United States: Court Freezes Assets Of Defendants Who Offered Allegedly Fraudulent ICOs

On Sept. 29, 2017, the Securities and Exchange Commission (SEC) brought an emergency enforcement action against Maksim Zaslavskiy, REcoinGroup Foundation LLC (REcoin) and DRC World Inc. (also known as Diamond Reserve Club) (Diamond), alleging they defrauded investors in a pair of initial coin offerings (ICOs), in violation of the anti-fraud and registration provisions of the federal securities laws.

The SEC's complaint alleged that the defendants sold unregistered securities and that the digital tokens or coins being offered did not actually exist, though the defendants raised at least $300,000 from hundreds of investors between July 2017 and the date of the complaint. The SEC further alleged that the defendants touted the REcoin ICO as "The First Ever Cryptocurrency Backed by Real Estate" and told investors they could expect significant returns from their investments (between 10-15% in the case of Diamond) when neither company had any real operations, and made other false and misleading statements regarding the defendants' previous fundraisings and investment activities — representations that "recklessly disregarded" the reality. The SEC also alleged that Zaslavskiy attempted to circumvent the securities registration requirements by refashioning the sale of interests in Diamond as "memberships in a club" and the Diamond ICO as an "Initial Membership Offering."

The U.S. District Court for the Eastern District of New York granted the SEC's request to temporarily and preliminarily freeze the assets of the defendants. Its decision stated that Zaslavskiy remains a threat to cause "continued and additional harm to investors," as he is launching or has already launched as many as 18 different websites to promote the sale of the fraudulent coins and continues to send frequent e-mails to investors about purchasing "tokens." The SEC's complaint seeks permanent injunctions and disgorgement plus interest and penalties. For Zaslavskiy, the SEC also seeks an officer-and-director bar and a bar from participating in any offering of digital securities.

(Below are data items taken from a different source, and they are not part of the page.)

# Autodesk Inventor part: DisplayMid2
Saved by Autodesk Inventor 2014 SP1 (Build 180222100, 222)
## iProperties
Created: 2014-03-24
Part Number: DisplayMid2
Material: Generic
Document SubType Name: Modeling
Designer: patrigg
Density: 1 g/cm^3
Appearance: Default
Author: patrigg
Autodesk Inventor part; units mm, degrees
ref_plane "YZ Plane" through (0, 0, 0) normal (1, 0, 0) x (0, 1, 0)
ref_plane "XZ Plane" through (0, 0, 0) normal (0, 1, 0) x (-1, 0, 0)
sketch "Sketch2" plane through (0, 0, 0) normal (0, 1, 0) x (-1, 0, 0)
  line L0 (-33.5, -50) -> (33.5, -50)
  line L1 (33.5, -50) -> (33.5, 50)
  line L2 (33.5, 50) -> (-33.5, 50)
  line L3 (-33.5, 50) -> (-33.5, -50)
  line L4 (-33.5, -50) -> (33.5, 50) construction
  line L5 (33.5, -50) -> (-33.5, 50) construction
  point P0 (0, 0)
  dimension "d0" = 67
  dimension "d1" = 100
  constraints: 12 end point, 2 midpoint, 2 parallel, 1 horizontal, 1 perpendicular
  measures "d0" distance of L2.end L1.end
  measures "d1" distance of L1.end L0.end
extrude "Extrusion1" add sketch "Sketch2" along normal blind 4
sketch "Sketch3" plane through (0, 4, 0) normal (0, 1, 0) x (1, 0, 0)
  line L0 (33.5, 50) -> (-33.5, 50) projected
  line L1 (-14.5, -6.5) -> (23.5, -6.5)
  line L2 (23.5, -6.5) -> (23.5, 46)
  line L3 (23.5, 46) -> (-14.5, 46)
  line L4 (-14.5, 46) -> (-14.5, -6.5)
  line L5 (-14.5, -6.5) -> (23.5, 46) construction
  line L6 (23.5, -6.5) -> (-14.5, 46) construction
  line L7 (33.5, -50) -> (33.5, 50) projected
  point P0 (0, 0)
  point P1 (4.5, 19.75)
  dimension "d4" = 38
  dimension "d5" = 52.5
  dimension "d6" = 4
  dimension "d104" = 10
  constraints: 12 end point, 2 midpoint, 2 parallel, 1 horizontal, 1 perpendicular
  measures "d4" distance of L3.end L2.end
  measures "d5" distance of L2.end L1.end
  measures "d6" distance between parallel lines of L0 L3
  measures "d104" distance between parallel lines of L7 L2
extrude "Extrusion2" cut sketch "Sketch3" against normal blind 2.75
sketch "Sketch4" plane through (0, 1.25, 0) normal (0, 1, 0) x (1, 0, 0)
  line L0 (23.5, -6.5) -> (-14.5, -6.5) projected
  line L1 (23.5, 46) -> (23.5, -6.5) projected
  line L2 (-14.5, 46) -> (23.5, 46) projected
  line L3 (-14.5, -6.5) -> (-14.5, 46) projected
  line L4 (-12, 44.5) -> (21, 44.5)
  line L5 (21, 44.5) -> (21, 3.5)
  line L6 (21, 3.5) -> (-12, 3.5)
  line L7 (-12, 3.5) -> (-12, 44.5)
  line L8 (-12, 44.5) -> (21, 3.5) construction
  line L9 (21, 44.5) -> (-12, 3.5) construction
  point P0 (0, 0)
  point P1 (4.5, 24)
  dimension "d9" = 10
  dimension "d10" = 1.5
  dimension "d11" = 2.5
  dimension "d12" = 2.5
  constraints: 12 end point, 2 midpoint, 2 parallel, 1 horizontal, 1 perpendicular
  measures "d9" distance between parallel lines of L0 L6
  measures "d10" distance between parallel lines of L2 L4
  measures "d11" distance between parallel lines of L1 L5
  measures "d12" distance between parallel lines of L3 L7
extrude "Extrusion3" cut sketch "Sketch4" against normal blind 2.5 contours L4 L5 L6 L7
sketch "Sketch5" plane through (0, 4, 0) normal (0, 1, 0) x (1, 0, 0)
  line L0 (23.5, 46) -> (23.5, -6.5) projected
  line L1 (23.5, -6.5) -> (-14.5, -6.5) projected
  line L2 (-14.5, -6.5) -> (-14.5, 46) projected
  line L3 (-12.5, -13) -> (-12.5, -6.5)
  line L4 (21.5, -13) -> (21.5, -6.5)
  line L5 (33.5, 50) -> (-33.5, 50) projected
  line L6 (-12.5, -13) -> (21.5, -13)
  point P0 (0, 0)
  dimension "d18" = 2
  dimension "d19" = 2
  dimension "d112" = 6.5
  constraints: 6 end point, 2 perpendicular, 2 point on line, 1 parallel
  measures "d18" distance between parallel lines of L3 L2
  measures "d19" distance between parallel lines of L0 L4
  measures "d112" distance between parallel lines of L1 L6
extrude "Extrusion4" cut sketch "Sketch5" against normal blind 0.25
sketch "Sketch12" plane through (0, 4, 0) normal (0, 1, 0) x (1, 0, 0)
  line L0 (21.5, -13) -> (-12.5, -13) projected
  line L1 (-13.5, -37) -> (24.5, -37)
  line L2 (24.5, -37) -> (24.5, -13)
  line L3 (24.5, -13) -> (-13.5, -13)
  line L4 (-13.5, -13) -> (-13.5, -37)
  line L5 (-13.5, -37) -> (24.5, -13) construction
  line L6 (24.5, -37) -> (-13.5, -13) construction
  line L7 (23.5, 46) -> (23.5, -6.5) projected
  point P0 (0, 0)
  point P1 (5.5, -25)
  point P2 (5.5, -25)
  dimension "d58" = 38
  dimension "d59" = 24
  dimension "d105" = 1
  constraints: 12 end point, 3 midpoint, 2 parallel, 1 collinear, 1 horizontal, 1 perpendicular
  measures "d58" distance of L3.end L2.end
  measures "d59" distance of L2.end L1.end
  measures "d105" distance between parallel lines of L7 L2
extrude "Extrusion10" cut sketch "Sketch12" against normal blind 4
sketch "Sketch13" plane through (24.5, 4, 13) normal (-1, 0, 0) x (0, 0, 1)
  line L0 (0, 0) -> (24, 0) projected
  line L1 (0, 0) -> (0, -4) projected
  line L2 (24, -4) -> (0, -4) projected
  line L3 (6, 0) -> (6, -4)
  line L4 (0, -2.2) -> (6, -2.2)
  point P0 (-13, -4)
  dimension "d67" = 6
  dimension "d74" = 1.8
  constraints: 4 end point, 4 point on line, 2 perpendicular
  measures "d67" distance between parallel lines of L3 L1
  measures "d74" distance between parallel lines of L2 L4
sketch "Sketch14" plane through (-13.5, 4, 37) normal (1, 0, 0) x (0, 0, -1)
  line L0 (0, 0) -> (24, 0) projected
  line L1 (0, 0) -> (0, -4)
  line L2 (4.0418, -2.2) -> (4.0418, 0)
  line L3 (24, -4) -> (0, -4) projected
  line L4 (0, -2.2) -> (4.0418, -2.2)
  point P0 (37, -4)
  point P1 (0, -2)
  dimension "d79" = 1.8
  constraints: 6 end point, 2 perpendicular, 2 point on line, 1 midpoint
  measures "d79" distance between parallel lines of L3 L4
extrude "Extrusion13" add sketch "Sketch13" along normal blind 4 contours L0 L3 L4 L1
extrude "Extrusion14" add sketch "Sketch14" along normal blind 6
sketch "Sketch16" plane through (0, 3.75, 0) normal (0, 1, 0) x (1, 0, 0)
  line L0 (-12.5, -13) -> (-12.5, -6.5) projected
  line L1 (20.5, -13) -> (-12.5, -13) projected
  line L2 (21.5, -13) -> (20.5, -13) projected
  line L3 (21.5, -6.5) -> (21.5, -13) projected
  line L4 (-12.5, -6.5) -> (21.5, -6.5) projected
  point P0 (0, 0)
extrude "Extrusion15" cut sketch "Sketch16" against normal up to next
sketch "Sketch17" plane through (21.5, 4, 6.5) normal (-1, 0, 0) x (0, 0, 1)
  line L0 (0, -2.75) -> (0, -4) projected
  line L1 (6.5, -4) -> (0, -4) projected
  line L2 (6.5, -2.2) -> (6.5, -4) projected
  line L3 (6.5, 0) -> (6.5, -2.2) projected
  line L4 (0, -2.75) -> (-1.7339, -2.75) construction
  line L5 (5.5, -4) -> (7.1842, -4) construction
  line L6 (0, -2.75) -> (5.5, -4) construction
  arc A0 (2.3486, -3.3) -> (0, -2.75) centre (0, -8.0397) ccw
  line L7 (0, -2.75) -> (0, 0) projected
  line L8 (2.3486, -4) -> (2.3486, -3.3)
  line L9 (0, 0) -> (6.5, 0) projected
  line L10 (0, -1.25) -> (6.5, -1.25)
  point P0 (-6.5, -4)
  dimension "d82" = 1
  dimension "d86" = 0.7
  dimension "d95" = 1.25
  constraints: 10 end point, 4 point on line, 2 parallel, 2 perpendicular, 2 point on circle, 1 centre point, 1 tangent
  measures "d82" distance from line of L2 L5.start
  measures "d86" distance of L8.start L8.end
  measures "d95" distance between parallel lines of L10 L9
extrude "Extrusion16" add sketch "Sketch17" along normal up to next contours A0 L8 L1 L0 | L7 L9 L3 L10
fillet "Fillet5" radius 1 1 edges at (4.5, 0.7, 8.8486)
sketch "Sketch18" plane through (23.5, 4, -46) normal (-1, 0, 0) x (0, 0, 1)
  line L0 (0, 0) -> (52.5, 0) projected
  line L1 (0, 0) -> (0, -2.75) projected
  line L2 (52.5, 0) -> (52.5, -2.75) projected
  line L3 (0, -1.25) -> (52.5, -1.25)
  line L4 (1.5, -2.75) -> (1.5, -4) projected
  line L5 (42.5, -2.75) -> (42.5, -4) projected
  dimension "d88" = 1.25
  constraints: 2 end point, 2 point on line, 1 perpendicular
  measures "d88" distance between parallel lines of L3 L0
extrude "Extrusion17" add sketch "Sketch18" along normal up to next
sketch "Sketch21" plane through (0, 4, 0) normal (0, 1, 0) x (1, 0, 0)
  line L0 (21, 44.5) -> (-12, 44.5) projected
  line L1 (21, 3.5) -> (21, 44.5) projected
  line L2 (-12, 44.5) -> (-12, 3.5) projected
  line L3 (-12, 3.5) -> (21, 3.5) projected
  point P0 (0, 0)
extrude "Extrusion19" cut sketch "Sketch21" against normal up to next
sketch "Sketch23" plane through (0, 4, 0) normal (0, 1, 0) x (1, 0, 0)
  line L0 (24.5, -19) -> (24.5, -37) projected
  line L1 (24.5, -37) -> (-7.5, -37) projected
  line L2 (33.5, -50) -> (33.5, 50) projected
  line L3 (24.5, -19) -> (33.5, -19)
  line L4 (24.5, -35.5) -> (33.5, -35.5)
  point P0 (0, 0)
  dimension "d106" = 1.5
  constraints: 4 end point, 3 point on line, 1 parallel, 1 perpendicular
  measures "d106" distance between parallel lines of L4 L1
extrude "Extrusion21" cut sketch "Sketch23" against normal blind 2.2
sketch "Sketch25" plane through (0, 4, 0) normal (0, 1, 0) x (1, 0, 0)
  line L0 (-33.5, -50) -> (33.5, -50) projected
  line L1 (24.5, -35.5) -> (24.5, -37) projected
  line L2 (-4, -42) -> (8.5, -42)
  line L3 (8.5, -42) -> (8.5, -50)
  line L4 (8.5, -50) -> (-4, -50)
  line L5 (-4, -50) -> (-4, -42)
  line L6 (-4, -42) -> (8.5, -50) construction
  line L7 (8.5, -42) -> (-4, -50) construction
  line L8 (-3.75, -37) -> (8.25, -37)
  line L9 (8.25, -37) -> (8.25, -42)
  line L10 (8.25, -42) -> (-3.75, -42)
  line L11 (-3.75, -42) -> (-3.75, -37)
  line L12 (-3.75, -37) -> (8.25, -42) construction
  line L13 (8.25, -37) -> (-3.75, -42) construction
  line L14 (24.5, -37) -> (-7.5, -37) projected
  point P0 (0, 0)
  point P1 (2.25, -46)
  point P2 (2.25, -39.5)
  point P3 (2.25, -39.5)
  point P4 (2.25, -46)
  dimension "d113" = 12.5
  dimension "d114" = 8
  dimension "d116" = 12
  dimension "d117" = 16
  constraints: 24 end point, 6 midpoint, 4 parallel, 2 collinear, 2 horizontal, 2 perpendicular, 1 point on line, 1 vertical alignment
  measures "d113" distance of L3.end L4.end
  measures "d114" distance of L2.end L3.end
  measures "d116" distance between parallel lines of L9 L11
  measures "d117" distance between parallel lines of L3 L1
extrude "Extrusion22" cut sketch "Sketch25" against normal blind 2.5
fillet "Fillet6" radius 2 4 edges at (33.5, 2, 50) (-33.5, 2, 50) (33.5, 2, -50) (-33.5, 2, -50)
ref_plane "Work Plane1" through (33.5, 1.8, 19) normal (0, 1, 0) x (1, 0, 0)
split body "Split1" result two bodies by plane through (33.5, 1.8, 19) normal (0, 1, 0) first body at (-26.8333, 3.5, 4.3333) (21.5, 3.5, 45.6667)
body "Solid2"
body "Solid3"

The enforcement action came after the SEC's Office of Investor Education and Advocacy issued an investor alert earlier in 2017 that noted the increasing prevalence of ICOs and the potential risks associated with the promises of high returns in the new investment space. Further, the SEC released an investigative report on July 25, 2017, in connection with DAO tokens, warning that "virtual" organizations' offers and sales of digital assets may be subject to the requirements of the Securities Act of 1933 and the Securities Exchange Act of 1934. While that report by the SEC does not indicate that all offerings by virtual organizations are securities, it puts the industry on notice that some virtual tokens may be securities. In finding that the DAO tokens were securities, the SEC applied the Howey test (from SEC v. W.J. Howey Co., 328 U.S. 293 1946) to conclude that the DAO tokens were investment contracts and, in turn, securities. Very simply, the Howey test requires that (1) there is an investment of money in a common enterprise, (2) the investors had a reasonable expectation of profit and (3) these profits are derived from the managerial efforts of others. Most recently, on Sep. 25, the SEC announced the creation of a new Cyber Unit that will focus on targeting cyber-related misconduct including those involving distributed ledger technology and initial coin offerings.

These public warnings and the establishment of a Cyber Unit, combined with this latest court action, demonstrate the SEC's ongoing focus on digital currencies and their associated offerings. They demonstrate a clear pattern that ICOs and virtual organizations are firmly on the SEC's radar and that, in the absence of a valid exemption, the regulator intends to exert its authority over such entities and hold them to the same regulatory standards as traditional securities transactions.

Industry participants can expect this trend to continue in the coming years as ICOs become increasingly common, and should ensure that their activities with respect to ICOs comply with all relevant securities laws in order to avoid similar regulatory attention.